▶ _Data excerpts_:
"""
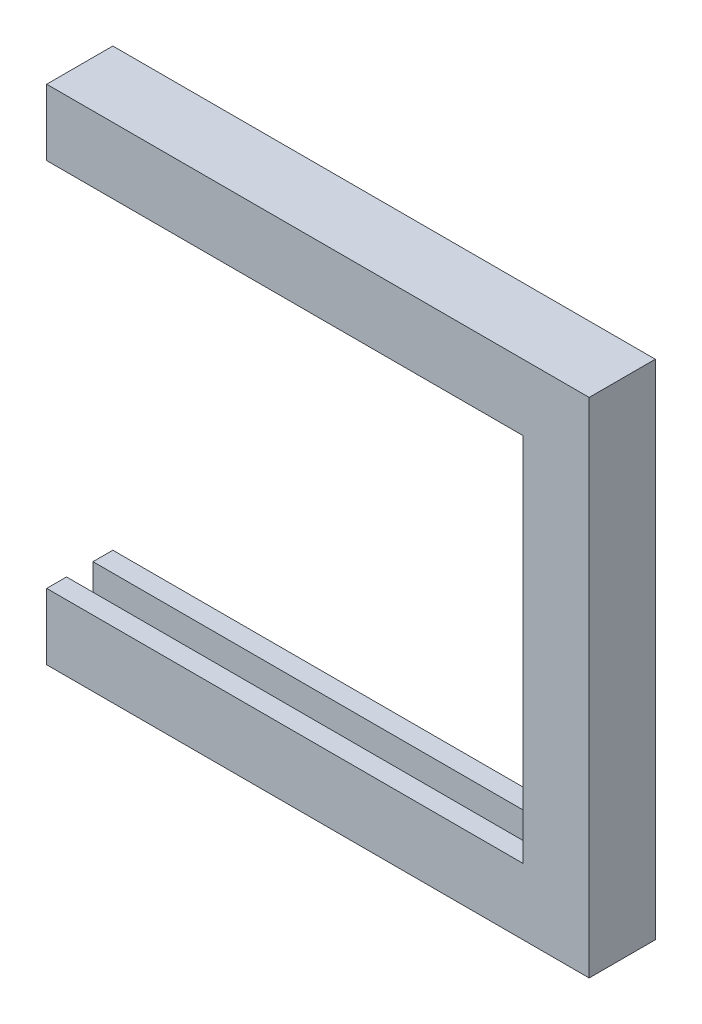
ISO-10303-21;
HEADER;
FILE_DESCRIPTION(('STEP AP214'),'2;1');
FILE_NAME('part.step','',(''),(''),'','','');
FILE_SCHEMA(('AUTOMOTIVE_DESIGN { 1 0 10303 214 1 1 1 1 }'));
ENDSEC;
DATA;
#1=APPLICATION_CONTEXT('core data for automotive mechanical design processes');
#2=APPLICATION_PROTOCOL_DEFINITION('international standard','automotive_design',2000,#1);
#3=PRODUCT_CONTEXT('',#1,'mechanical');
#4=PRODUCT('Part','Part','',(#3));
#5=PRODUCT_RELATED_PRODUCT_CATEGORY('part','',(#4));
#6=PRODUCT_DEFINITION_FORMATION('','',#4);
#7=PRODUCT_DEFINITION_CONTEXT('part definition',#1,'design');
#8=PRODUCT_DEFINITION('design','',#6,#7);
#9=PRODUCT_DEFINITION_SHAPE('','',#8);
#10=(LENGTH_UNIT() NAMED_UNIT(*) SI_UNIT(.MILLI.,.METRE.));
#11=(NAMED_UNIT(*) PLANE_ANGLE_UNIT() SI_UNIT($,.RADIAN.));
#12=(NAMED_UNIT(*) SI_UNIT($,.STERADIAN.) SOLID_ANGLE_UNIT());
#13=UNCERTAINTY_MEASURE_WITH_UNIT(LENGTH_MEASURE(1.E-05),#10,'distance_accuracy_value','');
#14=(GEOMETRIC_REPRESENTATION_CONTEXT(3) GLOBAL_UNCERTAINTY_ASSIGNED_CONTEXT((#13)) GLOBAL_UNIT_ASSIGNED_CONTEXT((#10,
#11,#12)) REPRESENTATION_CONTEXT('',''));
#15=CARTESIAN_POINT('',(0.,0.,0.));
#16=DIRECTION('',(0.,0.,1.));
#17=DIRECTION('',(1.,0.,0.));
#18=AXIS2_PLACEMENT_3D('',#15,#16,#17);
#19=CARTESIAN_POINT('',(0.,0.,5.));
#20=DIRECTION('',(1.,0.,0.));
#21=DIRECTION('',(0.,0.,-1.));
#22=AXIS2_PLACEMENT_3D('',#19,#20,#21);
#23=PLANE('',#22);
#24=DIRECTION('',(0.,-1.,0.));
#25=VECTOR('',#24,1.);
#26=CARTESIAN_POINT('',(0.,0.,5.));
#27=LINE('',#26,#25);
#28=CARTESIAN_POINT('',(0.,5.,5.));
#29=VERTEX_POINT('',#28);
#30=CARTESIAN_POINT('',(0.,0.,5.));
#31=VERTEX_POINT('',#30);
#32=EDGE_CURVE('E224',#29,#31,#27,.T.);
#33=ORIENTED_EDGE('',*,*,#32,.F.);
#34=DIRECTION('',(0.,0.,1.));
#35=VECTOR('',#34,1.);
#36=CARTESIAN_POINT('',(0.,5.,0.));
#37=LINE('',#36,#35);
#38=CARTESIAN_POINT('',(0.,5.,3.5));
#39=VERTEX_POINT('',#38);
#40=EDGE_CURVE('E270',#39,#29,#37,.T.);
#41=ORIENTED_EDGE('',*,*,#40,.F.);
#42=DIRECTION('',(0.,1.,0.));
#43=VECTOR('',#42,1.);
#44=CARTESIAN_POINT('',(0.,3.,3.5));
#45=LINE('',#44,#43);
#46=CARTESIAN_POINT('',(0.,3.,3.5));
#47=VERTEX_POINT('',#46);
#48=EDGE_CURVE('E198',#47,#39,#45,.T.);
#49=ORIENTED_EDGE('',*,*,#48,.F.);
#50=DIRECTION('',(0.,0.,1.));
#51=VECTOR('',#50,1.);
#52=CARTESIAN_POINT('',(0.,3.,3.5));
#53=LINE('',#52,#51);
#54=CARTESIAN_POINT('',(0.,3.,1.5));
#55=VERTEX_POINT('',#54);
#56=EDGE_CURVE('E208',#55,#47,#53,.T.);
#57=ORIENTED_EDGE('',*,*,#56,.F.);
#58=DIRECTION('',(0.,-1.,0.));
#59=VECTOR('',#58,1.);
#60=CARTESIAN_POINT('',(0.,3.,1.5));
#61=LINE('',#60,#59);
#62=CARTESIAN_POINT('',(0.,5.,1.5));
#63=VERTEX_POINT('',#62);
#64=EDGE_CURVE('E204',#63,#55,#61,.T.);
#65=ORIENTED_EDGE('',*,*,#64,.F.);
#66=CARTESIAN_POINT('',(0.,5.,0.));
#67=VERTEX_POINT('',#66);
#68=EDGE_CURVE('E257',#67,#63,#37,.T.);
#69=ORIENTED_EDGE('',*,*,#68,.F.);
#70=DIRECTION('',(0.,-1.,0.));
#71=VECTOR('',#70,1.);
#72=CARTESIAN_POINT('',(0.,0.,0.));
#73=LINE('',#72,#71);
#74=CARTESIAN_POINT('',(0.,0.,0.));
#75=VERTEX_POINT('',#74);
#76=EDGE_CURVE('E167',#67,#75,#73,.T.);
#77=ORIENTED_EDGE('',*,*,#76,.T.);
#78=DIRECTION('',(0.,0.,-1.));
#79=VECTOR('',#78,1.);
#80=CARTESIAN_POINT('',(0.,0.,5.));
#81=LINE('',#80,#79);
#82=EDGE_CURVE('E248',#31,#75,#81,.T.);
#83=ORIENTED_EDGE('',*,*,#82,.F.);
#84=EDGE_LOOP('',(#33,#41,#49,#57,#65,#69,#77,#83));
#85=FACE_BOUND('',#84,.T.);
#86=ADVANCED_FACE('F35',(#85),#23,.F.);
#87=CARTESIAN_POINT('',(0.,38.,0.));
#88=VERTEX_POINT('',#87);
#89=CARTESIAN_POINT('',(0.,33.,0.));
#90=VERTEX_POINT('',#89);
#91=EDGE_CURVE('E231',#88,#90,#73,.T.);
#92=ORIENTED_EDGE('',*,*,#91,.T.);
#93=DIRECTION('',(0.,0.,-1.));
#94=VECTOR('',#93,1.);
#95=CARTESIAN_POINT('',(0.,33.,0.));
#96=LINE('',#95,#94);
#97=CARTESIAN_POINT('',(0.,33.,1.5));
#98=VERTEX_POINT('',#97);
#99=EDGE_CURVE('E273',#98,#90,#96,.T.);
#100=ORIENTED_EDGE('',*,*,#99,.F.);
#101=CARTESIAN_POINT('',(0.,35.,1.5));
#102=VERTEX_POINT('',#101);
#103=EDGE_CURVE('E205',#102,#98,#61,.T.);
#104=ORIENTED_EDGE('',*,*,#103,.F.);
#105=DIRECTION('',(0.,0.,-1.));
#106=VECTOR('',#105,1.);
#107=CARTESIAN_POINT('',(0.,35.,3.49999999999999));
#108=LINE('',#107,#106);
#109=CARTESIAN_POINT('',(0.,35.,3.49999999999999));
#110=VERTEX_POINT('',#109);
#111=EDGE_CURVE('E201',#110,#102,#108,.T.);
#112=ORIENTED_EDGE('',*,*,#111,.F.);
#113=CARTESIAN_POINT('',(0.,33.,3.49999999999999));
#114=VERTEX_POINT('',#113);
#115=EDGE_CURVE('E183',#114,#110,#45,.T.);
#116=ORIENTED_EDGE('',*,*,#115,.F.);
#117=CARTESIAN_POINT('',(0.,33.,5.));
#118=VERTEX_POINT('',#117);
#119=EDGE_CURVE('E275',#118,#114,#96,.T.);
#120=ORIENTED_EDGE('',*,*,#119,.F.);
#121=CARTESIAN_POINT('',(0.,38.,5.));
#122=VERTEX_POINT('',#121);
#123=EDGE_CURVE('E220',#122,#118,#27,.T.);
#124=ORIENTED_EDGE('',*,*,#123,.F.);
#125=DIRECTION('',(0.,0.,-1.));
#126=VECTOR('',#125,1.);
#127=CARTESIAN_POINT('',(0.,38.,5.));
#128=LINE('',#127,#126);
#129=EDGE_CURVE('E230',#122,#88,#128,.T.);
#130=ORIENTED_EDGE('',*,*,#129,.T.);
#131=EDGE_LOOP('',(#92,#100,#104,#112,#116,#120,#124,#130));
#132=FACE_BOUND('',#131,.T.);
#133=ADVANCED_FACE('F37',(#132),#23,.F.);
#134=CARTESIAN_POINT('',(0.,0.,5.));
#135=DIRECTION('',(0.,1.,0.));
#136=DIRECTION('',(0.,0.,1.));
#137=AXIS2_PLACEMENT_3D('',#134,#135,#136);
#138=PLANE('',#137);
#139=DIRECTION('',(1.,0.,0.));
#140=VECTOR('',#139,1.);
#141=CARTESIAN_POINT('',(0.,0.,0.));
#142=LINE('',#141,#140);
#143=CARTESIAN_POINT('',(41.,0.,0.));
#144=VERTEX_POINT('',#143);
#145=EDGE_CURVE('E234',#75,#144,#142,.T.);
#146=ORIENTED_EDGE('',*,*,#145,.T.);
#147=DIRECTION('',(0.,0.,-1.));
#148=VECTOR('',#147,1.);
#149=CARTESIAN_POINT('',(41.,0.,5.));
#150=LINE('',#149,#148);
#151=CARTESIAN_POINT('',(41.,0.,5.));
#152=VERTEX_POINT('',#151);
#153=EDGE_CURVE('E245',#152,#144,#150,.T.);
#154=ORIENTED_EDGE('',*,*,#153,.F.);
#155=DIRECTION('',(1.,0.,0.));
#156=VECTOR('',#155,1.);
#157=CARTESIAN_POINT('',(0.,0.,5.));
#158=LINE('',#157,#156);
#159=EDGE_CURVE('E223',#31,#152,#158,.T.);
#160=ORIENTED_EDGE('',*,*,#159,.F.);
#161=ORIENTED_EDGE('',*,*,#82,.T.);
#162=EDGE_LOOP('',(#146,#154,#160,#161));
#163=FACE_BOUND('',#162,.T.);
#164=ADVANCED_FACE('F324',(#163),#138,.F.);
#165=CARTESIAN_POINT('',(41.,0.,5.));
#166=DIRECTION('',(-1.,0.,0.));
#167=DIRECTION('',(0.,0.,1.));
#168=AXIS2_PLACEMENT_3D('',#165,#166,#167);
#169=PLANE('',#168);
#170=DIRECTION('',(0.,1.,0.));
#171=VECTOR('',#170,1.);
#172=CARTESIAN_POINT('',(41.,0.,0.));
#173=LINE('',#172,#171);
#174=CARTESIAN_POINT('',(41.,38.,0.));
#175=VERTEX_POINT('',#174);
#176=EDGE_CURVE('E236',#144,#175,#173,.T.);
#177=ORIENTED_EDGE('',*,*,#176,.T.);
#178=DIRECTION('',(0.,0.,-1.));
#179=VECTOR('',#178,1.);
#180=CARTESIAN_POINT('',(41.,38.,5.));
#181=LINE('',#180,#179);
#182=CARTESIAN_POINT('',(41.,38.,5.));
#183=VERTEX_POINT('',#182);
#184=EDGE_CURVE('E242',#183,#175,#181,.T.);
#185=ORIENTED_EDGE('',*,*,#184,.F.);
#186=DIRECTION('',(0.,1.,0.));
#187=VECTOR('',#186,1.);
#188=CARTESIAN_POINT('',(41.,0.,5.));
#189=LINE('',#188,#187);
#190=EDGE_CURVE('E226',#152,#183,#189,.T.);
#191=ORIENTED_EDGE('',*,*,#190,.F.);
#192=ORIENTED_EDGE('',*,*,#153,.T.);
#193=EDGE_LOOP('',(#177,#185,#191,#192));
#194=FACE_BOUND('',#193,.T.);
#195=ADVANCED_FACE('F328',(#194),#169,.F.);
#196=CARTESIAN_POINT('',(0.,38.,5.));
#197=DIRECTION('',(0.,-1.,0.));
#198=DIRECTION('',(0.,0.,-1.));
#199=AXIS2_PLACEMENT_3D('',#196,#197,#198);
#200=PLANE('',#199);
#201=DIRECTION('',(-1.,0.,0.));
#202=VECTOR('',#201,1.);
#203=CARTESIAN_POINT('',(0.,38.,0.));
#204=LINE('',#203,#202);
#205=EDGE_CURVE('E238',#175,#88,#204,.T.);
#206=ORIENTED_EDGE('',*,*,#205,.T.);
#207=ORIENTED_EDGE('',*,*,#129,.F.);
#208=DIRECTION('',(-1.,0.,0.));
#209=VECTOR('',#208,1.);
#210=CARTESIAN_POINT('',(0.,38.,5.));
#211=LINE('',#210,#209);
#212=EDGE_CURVE('E228',#183,#122,#211,.T.);
#213=ORIENTED_EDGE('',*,*,#212,.F.);
#214=ORIENTED_EDGE('',*,*,#184,.T.);
#215=EDGE_LOOP('',(#206,#207,#213,#214));
#216=FACE_BOUND('',#215,.T.);
#217=ADVANCED_FACE('F292',(#216),#200,.F.);
#218=CARTESIAN_POINT('',(0.,0.,5.));
#219=DIRECTION('',(0.,0.,-1.));
#220=DIRECTION('',(-1.,0.,0.));
#221=AXIS2_PLACEMENT_3D('',#218,#219,#220);
#222=PLANE('',#221);
#223=DIRECTION('',(0.,-1.,0.));
#224=VECTOR('',#223,1.);
#225=CARTESIAN_POINT('',(36.,29.5,5.));
#226=LINE('',#225,#224);
#227=CARTESIAN_POINT('',(36.,33.,5.));
#228=VERTEX_POINT('',#227);
#229=CARTESIAN_POINT('',(36.,5.,5.));
#230=VERTEX_POINT('',#229);
#231=EDGE_CURVE('E153',#228,#230,#226,.T.);
#232=ORIENTED_EDGE('',*,*,#231,.T.);
#233=DIRECTION('',(-1.,0.,0.));
#234=VECTOR('',#233,1.);
#235=CARTESIAN_POINT('',(36.,5.,5.));
#236=LINE('',#235,#234);
#237=EDGE_CURVE('E168',#230,#29,#236,.T.);
#238=ORIENTED_EDGE('',*,*,#237,.T.);
#239=ORIENTED_EDGE('',*,*,#32,.T.);
#240=ORIENTED_EDGE('',*,*,#159,.T.);
#241=ORIENTED_EDGE('',*,*,#190,.T.);
#242=ORIENTED_EDGE('',*,*,#212,.T.);
#243=ORIENTED_EDGE('',*,*,#123,.T.);
#244=DIRECTION('',(-1.,0.,0.));
#245=VECTOR('',#244,1.);
#246=CARTESIAN_POINT('',(36.,33.,5.));
#247=LINE('',#246,#245);
#248=EDGE_CURVE('E171',#228,#118,#247,.T.);
#249=ORIENTED_EDGE('',*,*,#248,.F.);
#250=EDGE_LOOP('',(#232,#238,#239,#240,#241,#242,#243,#249));
#251=FACE_BOUND('',#250,.T.);
#252=ADVANCED_FACE('F286',(#251),#222,.F.);
#253=CARTESIAN_POINT('',(0.,0.,0.));
#254=DIRECTION('',(0.,0.,-1.));
#255=DIRECTION('',(-1.,0.,0.));
#256=AXIS2_PLACEMENT_3D('',#253,#254,#255);
#257=PLANE('',#256);
#258=DIRECTION('',(-1.,0.,0.));
#259=VECTOR('',#258,1.);
#260=CARTESIAN_POINT('',(36.,5.,0.));
#261=LINE('',#260,#259);
#262=CARTESIAN_POINT('',(36.,5.,0.));
#263=VERTEX_POINT('',#262);
#264=EDGE_CURVE('E158',#263,#67,#261,.T.);
#265=ORIENTED_EDGE('',*,*,#264,.F.);
#266=DIRECTION('',(0.,-1.,0.));
#267=VECTOR('',#266,1.);
#268=CARTESIAN_POINT('',(36.,29.5,0.));
#269=LINE('',#268,#267);
#270=CARTESIAN_POINT('',(36.,33.,0.));
#271=VERTEX_POINT('',#270);
#272=EDGE_CURVE('E145',#271,#263,#269,.T.);
#273=ORIENTED_EDGE('',*,*,#272,.F.);
#274=DIRECTION('',(-1.,0.,0.));
#275=VECTOR('',#274,1.);
#276=CARTESIAN_POINT('',(36.,33.,0.));
#277=LINE('',#276,#275);
#278=EDGE_CURVE('E180',#271,#90,#277,.T.);
#279=ORIENTED_EDGE('',*,*,#278,.T.);
#280=ORIENTED_EDGE('',*,*,#91,.F.);
#281=ORIENTED_EDGE('',*,*,#205,.F.);
#282=ORIENTED_EDGE('',*,*,#176,.F.);
#283=ORIENTED_EDGE('',*,*,#145,.F.);
#284=ORIENTED_EDGE('',*,*,#76,.F.);
#285=EDGE_LOOP('',(#265,#273,#279,#280,#281,#282,#283,#284));
#286=FACE_BOUND('',#285,.T.);
#287=ADVANCED_FACE('F165',(#286),#257,.T.);
#288=CARTESIAN_POINT('',(36.,29.5,5.));
#289=DIRECTION('',(1.,0.,0.));
#290=DIRECTION('',(0.,0.,-1.));
#291=AXIS2_PLACEMENT_3D('',#288,#289,#290);
#292=PLANE('',#291);
#293=ORIENTED_EDGE('',*,*,#272,.T.);
#294=DIRECTION('',(0.,0.,1.));
#295=VECTOR('',#294,1.);
#296=CARTESIAN_POINT('',(36.,5.,0.));
#297=LINE('',#296,#295);
#298=CARTESIAN_POINT('',(36.,5.,1.5));
#299=VERTEX_POINT('',#298);
#300=EDGE_CURVE('E57',#263,#299,#297,.T.);
#301=ORIENTED_EDGE('',*,*,#300,.T.);
#302=DIRECTION('',(0.,-1.,0.));
#303=VECTOR('',#302,1.);
#304=CARTESIAN_POINT('',(36.,3.,1.5));
#305=LINE('',#304,#303);
#306=CARTESIAN_POINT('',(36.,3.,1.5));
#307=VERTEX_POINT('',#306);
#308=EDGE_CURVE('E191',#299,#307,#305,.T.);
#309=ORIENTED_EDGE('',*,*,#308,.T.);
#310=DIRECTION('',(0.,0.,1.));
#311=VECTOR('',#310,1.);
#312=CARTESIAN_POINT('',(36.,3.,3.5));
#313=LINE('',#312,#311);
"""
▶ _The problem_:
Take the lines above from the one containing "#4=PRODUCT('Part','Part','',(#3));" down to the one containing "#16=DIRECTION('',(0.,0.,1.));", and transcribe them exactly, both ends included.

▶ _Solution for this exercise_:
#4=PRODUCT('Part','Part','',(#3));
#5=PRODUCT_RELATED_PRODUCT_CATEGORY('part','',(#4));
#6=PRODUCT_DEFINITION_FORMATION('','',#4);
#7=PRODUCT_DEFINITION_CONTEXT('part definition',#1,'design');
#8=PRODUCT_DEFINITION('design','',#6,#7);
#9=PRODUCT_DEFINITION_SHAPE('','',#8);
#10=(LENGTH_UNIT() NAMED_UNIT(*) SI_UNIT(.MILLI.,.METRE.));
#11=(NAMED_UNIT(*) PLANE_ANGLE_UNIT() SI_UNIT($,.RADIAN.));
#12=(NAMED_UNIT(*) SI_UNIT($,.STERADIAN.) SOLID_ANGLE_UNIT());
#13=UNCERTAINTY_MEASURE_WITH_UNIT(LENGTH_MEASURE(1.E-05),#10,'distance_accuracy_value','');
#14=(GEOMETRIC_REPRESENTATION_CONTEXT(3) GLOBAL_UNCERTAINTY_ASSIGNED_CONTEXT((#13)) GLOBAL_UNIT_ASSIGNED_CONTEXT((#10,
#11,#12)) REPRESENTATION_CONTEXT('',''));
#15=CARTESIAN_POINT('',(0.,0.,0.));
#16=DIRECTION('',(0.,0.,1.));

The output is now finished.